ACTION ITEM: What you give back from the listing below should be an exact copy of the lines from the one with "Commit message: Routed SRAM" down to the one with "- net /FPGA/MEM_A17: track 1.55 -> 35.1 mm", and it should contain no pictures.
···
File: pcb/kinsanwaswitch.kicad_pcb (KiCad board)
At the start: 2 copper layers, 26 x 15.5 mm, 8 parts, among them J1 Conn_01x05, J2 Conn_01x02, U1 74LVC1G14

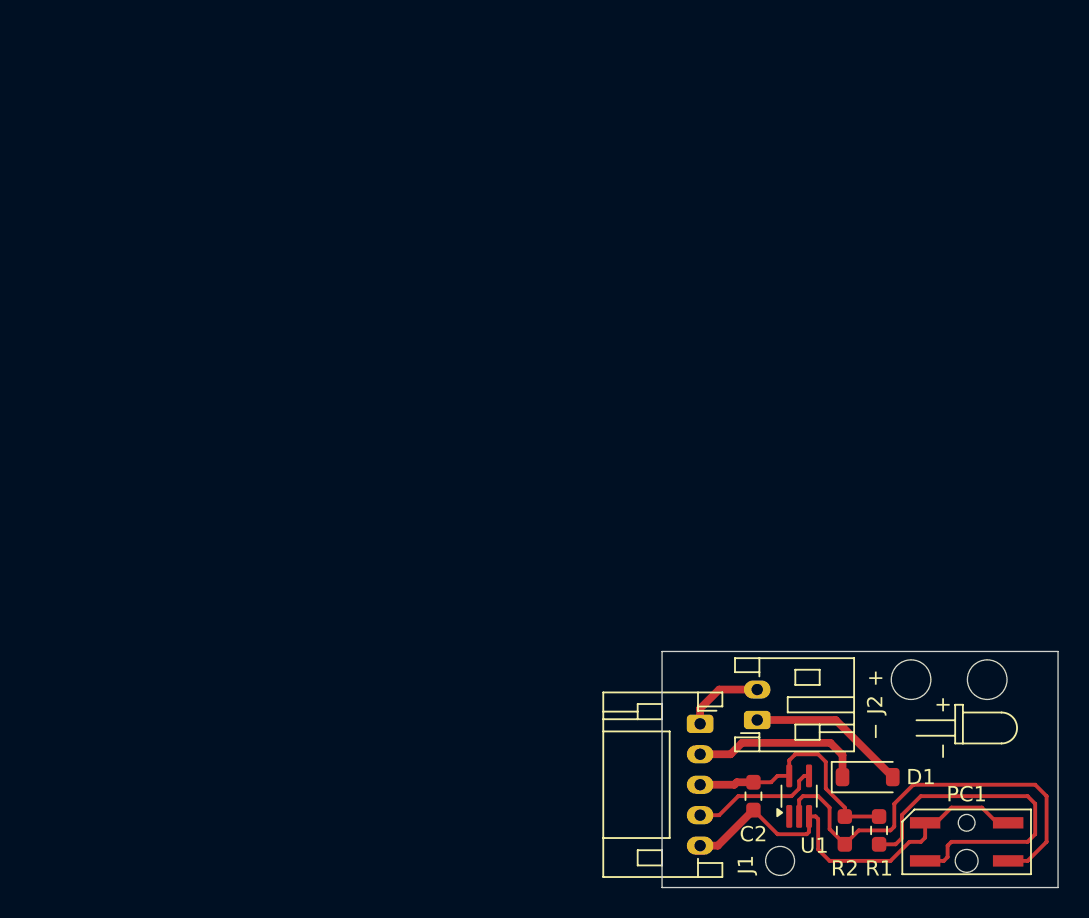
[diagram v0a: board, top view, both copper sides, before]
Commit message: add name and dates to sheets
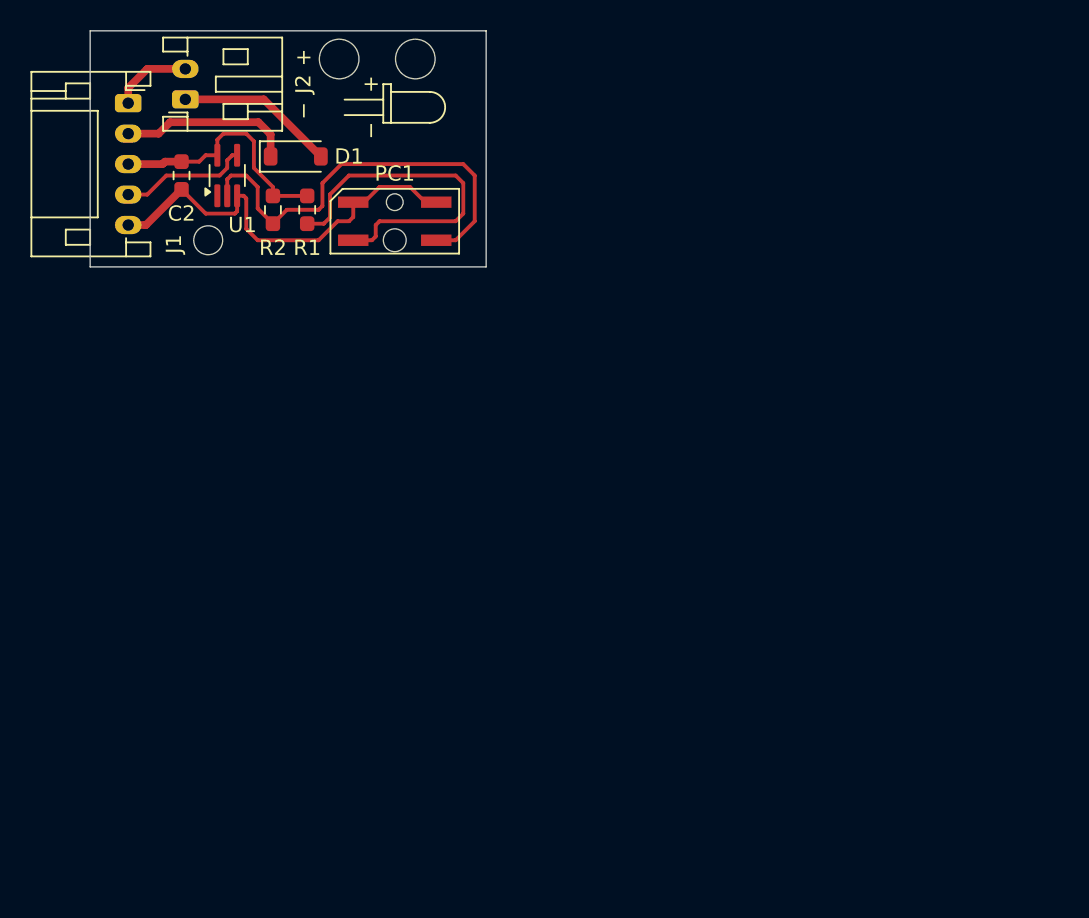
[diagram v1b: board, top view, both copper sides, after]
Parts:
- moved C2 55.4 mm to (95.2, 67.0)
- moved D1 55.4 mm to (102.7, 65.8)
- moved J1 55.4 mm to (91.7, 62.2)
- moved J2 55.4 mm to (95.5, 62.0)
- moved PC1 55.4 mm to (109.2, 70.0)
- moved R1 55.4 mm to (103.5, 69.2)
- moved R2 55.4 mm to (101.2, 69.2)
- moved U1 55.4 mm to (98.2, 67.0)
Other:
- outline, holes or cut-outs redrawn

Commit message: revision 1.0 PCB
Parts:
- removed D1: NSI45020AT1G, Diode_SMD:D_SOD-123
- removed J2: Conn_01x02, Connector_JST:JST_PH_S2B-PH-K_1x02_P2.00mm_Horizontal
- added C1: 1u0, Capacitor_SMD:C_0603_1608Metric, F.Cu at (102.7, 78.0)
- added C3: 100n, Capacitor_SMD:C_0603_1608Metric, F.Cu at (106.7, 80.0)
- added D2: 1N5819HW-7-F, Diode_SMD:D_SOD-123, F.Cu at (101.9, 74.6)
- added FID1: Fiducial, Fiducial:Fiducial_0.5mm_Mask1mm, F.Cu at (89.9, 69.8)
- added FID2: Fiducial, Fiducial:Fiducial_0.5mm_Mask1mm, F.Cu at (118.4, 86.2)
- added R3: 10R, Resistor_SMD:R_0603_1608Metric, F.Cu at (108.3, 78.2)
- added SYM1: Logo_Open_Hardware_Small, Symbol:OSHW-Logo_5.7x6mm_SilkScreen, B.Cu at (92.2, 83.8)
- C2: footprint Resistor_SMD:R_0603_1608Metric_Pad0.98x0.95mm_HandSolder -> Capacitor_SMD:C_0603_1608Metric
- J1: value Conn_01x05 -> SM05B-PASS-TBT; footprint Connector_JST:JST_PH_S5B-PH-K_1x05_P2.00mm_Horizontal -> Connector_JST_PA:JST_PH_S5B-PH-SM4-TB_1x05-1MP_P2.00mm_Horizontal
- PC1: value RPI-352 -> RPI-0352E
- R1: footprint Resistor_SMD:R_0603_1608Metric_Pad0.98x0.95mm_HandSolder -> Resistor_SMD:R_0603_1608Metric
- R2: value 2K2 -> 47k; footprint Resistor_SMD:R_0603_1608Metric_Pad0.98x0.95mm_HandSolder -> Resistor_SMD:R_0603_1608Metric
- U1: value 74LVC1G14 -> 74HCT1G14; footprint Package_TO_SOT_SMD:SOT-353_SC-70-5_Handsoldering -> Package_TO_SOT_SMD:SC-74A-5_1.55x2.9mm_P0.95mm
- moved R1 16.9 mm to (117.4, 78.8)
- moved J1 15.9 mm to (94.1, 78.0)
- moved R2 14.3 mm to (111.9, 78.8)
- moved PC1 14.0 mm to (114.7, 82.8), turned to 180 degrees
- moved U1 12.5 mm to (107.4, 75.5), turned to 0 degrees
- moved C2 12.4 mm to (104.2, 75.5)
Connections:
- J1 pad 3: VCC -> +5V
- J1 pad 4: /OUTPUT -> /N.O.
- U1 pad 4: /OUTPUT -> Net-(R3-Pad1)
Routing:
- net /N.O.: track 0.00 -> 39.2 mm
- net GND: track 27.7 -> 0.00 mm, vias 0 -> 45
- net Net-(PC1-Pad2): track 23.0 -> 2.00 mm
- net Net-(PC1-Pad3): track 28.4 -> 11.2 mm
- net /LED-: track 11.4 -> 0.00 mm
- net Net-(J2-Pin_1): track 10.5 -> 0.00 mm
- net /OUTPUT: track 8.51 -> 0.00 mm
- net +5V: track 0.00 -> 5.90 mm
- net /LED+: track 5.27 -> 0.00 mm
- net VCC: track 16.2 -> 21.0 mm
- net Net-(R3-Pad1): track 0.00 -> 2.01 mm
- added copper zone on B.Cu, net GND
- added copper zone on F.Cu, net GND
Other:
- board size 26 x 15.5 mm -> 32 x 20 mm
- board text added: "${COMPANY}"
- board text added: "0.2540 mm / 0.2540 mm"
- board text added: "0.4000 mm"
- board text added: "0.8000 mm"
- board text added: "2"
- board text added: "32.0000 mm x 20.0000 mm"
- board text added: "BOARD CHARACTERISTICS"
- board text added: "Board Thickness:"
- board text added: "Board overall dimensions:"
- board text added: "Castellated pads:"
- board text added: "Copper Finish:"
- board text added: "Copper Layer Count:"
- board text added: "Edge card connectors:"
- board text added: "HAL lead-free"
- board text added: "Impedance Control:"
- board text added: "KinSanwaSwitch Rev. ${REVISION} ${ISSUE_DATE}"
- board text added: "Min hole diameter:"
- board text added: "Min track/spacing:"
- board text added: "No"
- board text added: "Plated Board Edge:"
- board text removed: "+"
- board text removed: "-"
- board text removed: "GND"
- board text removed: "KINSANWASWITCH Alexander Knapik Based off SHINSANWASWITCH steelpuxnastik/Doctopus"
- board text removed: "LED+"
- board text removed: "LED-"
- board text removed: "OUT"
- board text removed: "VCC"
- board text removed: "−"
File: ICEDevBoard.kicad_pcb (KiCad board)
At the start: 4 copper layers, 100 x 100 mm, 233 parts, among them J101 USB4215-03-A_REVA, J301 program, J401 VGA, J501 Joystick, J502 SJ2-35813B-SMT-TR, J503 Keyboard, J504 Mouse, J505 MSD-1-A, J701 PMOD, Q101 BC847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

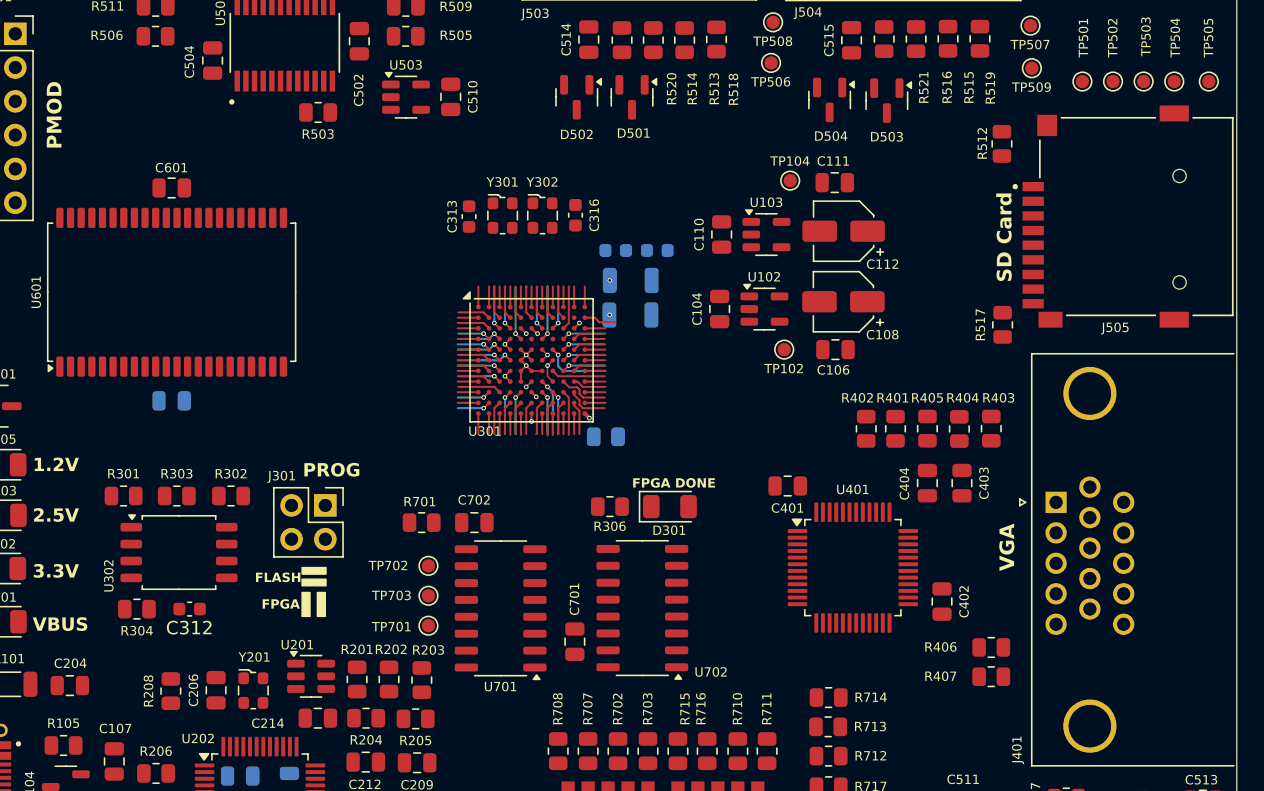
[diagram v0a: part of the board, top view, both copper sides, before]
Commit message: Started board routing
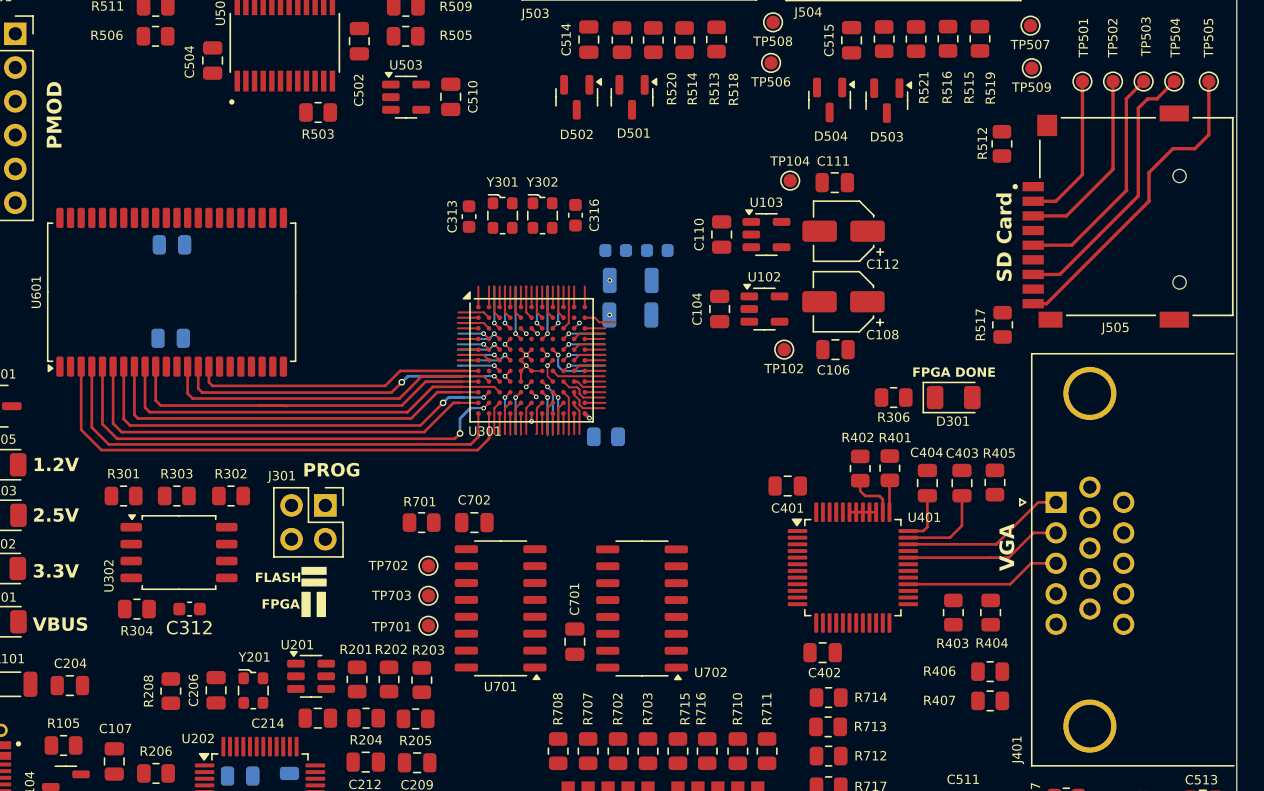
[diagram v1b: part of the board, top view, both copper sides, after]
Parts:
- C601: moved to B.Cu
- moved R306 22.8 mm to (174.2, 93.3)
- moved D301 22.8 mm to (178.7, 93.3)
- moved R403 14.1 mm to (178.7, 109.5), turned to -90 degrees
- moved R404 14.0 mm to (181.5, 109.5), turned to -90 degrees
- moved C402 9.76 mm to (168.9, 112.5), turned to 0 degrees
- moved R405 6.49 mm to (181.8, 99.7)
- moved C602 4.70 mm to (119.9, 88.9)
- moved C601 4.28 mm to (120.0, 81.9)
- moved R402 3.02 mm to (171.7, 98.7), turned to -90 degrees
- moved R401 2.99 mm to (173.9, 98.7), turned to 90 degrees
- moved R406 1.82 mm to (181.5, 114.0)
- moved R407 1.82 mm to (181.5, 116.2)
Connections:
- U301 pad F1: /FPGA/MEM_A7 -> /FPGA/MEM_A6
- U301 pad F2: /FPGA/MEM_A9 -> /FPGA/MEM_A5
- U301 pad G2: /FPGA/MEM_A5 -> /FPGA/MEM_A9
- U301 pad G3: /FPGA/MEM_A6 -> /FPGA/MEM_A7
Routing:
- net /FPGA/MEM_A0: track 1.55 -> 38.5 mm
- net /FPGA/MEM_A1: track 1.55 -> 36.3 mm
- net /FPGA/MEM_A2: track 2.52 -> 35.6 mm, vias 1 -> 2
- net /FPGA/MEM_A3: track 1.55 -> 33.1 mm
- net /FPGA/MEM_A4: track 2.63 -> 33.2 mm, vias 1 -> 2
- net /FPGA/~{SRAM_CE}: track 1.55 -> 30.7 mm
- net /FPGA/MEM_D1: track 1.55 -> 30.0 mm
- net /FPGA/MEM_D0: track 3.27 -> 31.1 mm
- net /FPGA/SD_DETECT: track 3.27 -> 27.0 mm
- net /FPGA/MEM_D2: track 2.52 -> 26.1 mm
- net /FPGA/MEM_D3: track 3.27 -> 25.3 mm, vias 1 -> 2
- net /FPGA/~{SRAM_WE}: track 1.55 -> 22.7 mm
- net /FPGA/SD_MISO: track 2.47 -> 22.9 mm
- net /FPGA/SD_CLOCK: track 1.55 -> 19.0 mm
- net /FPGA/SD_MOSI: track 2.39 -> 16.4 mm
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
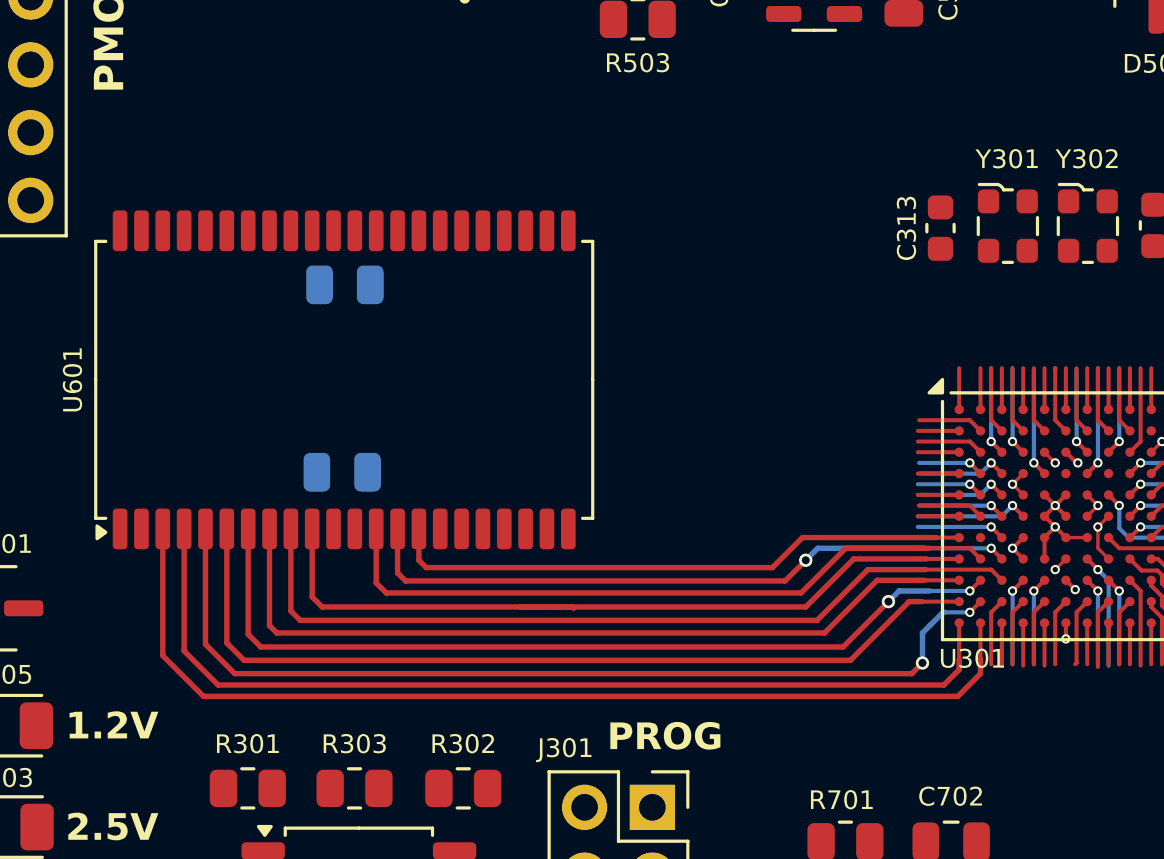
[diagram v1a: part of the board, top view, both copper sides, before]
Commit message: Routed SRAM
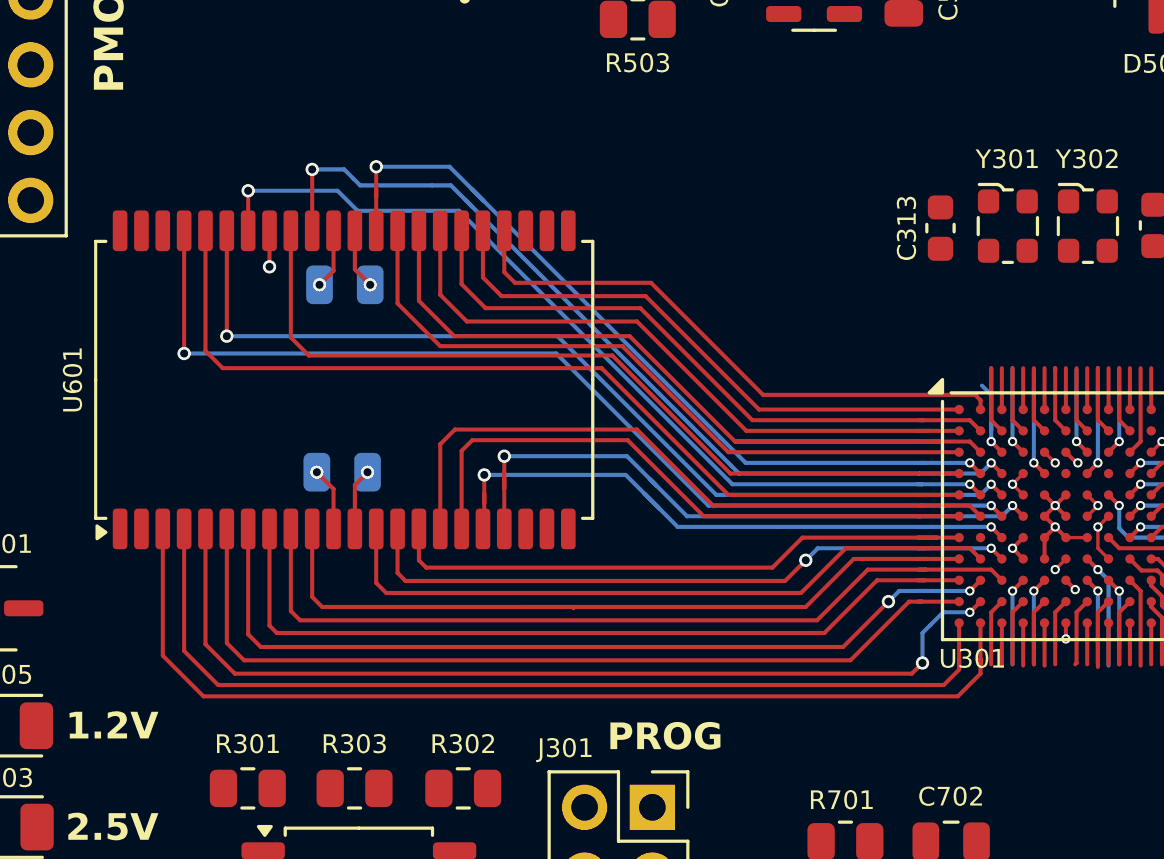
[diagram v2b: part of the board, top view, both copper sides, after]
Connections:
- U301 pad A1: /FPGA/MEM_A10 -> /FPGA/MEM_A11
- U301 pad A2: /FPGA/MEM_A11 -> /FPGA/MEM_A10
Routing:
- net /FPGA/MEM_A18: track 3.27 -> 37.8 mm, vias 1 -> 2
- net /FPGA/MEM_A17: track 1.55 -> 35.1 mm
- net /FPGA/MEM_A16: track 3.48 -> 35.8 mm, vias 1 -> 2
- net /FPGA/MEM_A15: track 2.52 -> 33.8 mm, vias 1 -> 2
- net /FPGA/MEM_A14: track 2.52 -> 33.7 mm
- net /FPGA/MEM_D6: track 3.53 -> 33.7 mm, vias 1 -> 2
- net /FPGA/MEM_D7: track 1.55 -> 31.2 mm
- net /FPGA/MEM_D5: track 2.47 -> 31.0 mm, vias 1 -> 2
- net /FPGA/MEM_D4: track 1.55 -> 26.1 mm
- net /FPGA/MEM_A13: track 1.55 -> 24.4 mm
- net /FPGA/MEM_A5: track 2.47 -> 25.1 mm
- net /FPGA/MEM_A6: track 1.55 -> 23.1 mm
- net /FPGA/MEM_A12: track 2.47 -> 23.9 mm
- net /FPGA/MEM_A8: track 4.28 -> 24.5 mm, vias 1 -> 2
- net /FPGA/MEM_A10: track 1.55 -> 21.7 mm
···
EXERCISE ANSWER:
Commit message: Routed SRAM
[diagram v2b: part of the board, top view, both copper sides, after]
Connections:
- U301 pad A1: /FPGA/MEM_A10 -> /FPGA/MEM_A11
- U301 pad A2: /FPGA/MEM_A11 -> /FPGA/MEM_A10
Routing:
- net /FPGA/MEM_A18: track 3.27 -> 37.8 mm, vias 1 -> 2
- net /FPGA/MEM_A17: track 1.55 -> 35.1 mm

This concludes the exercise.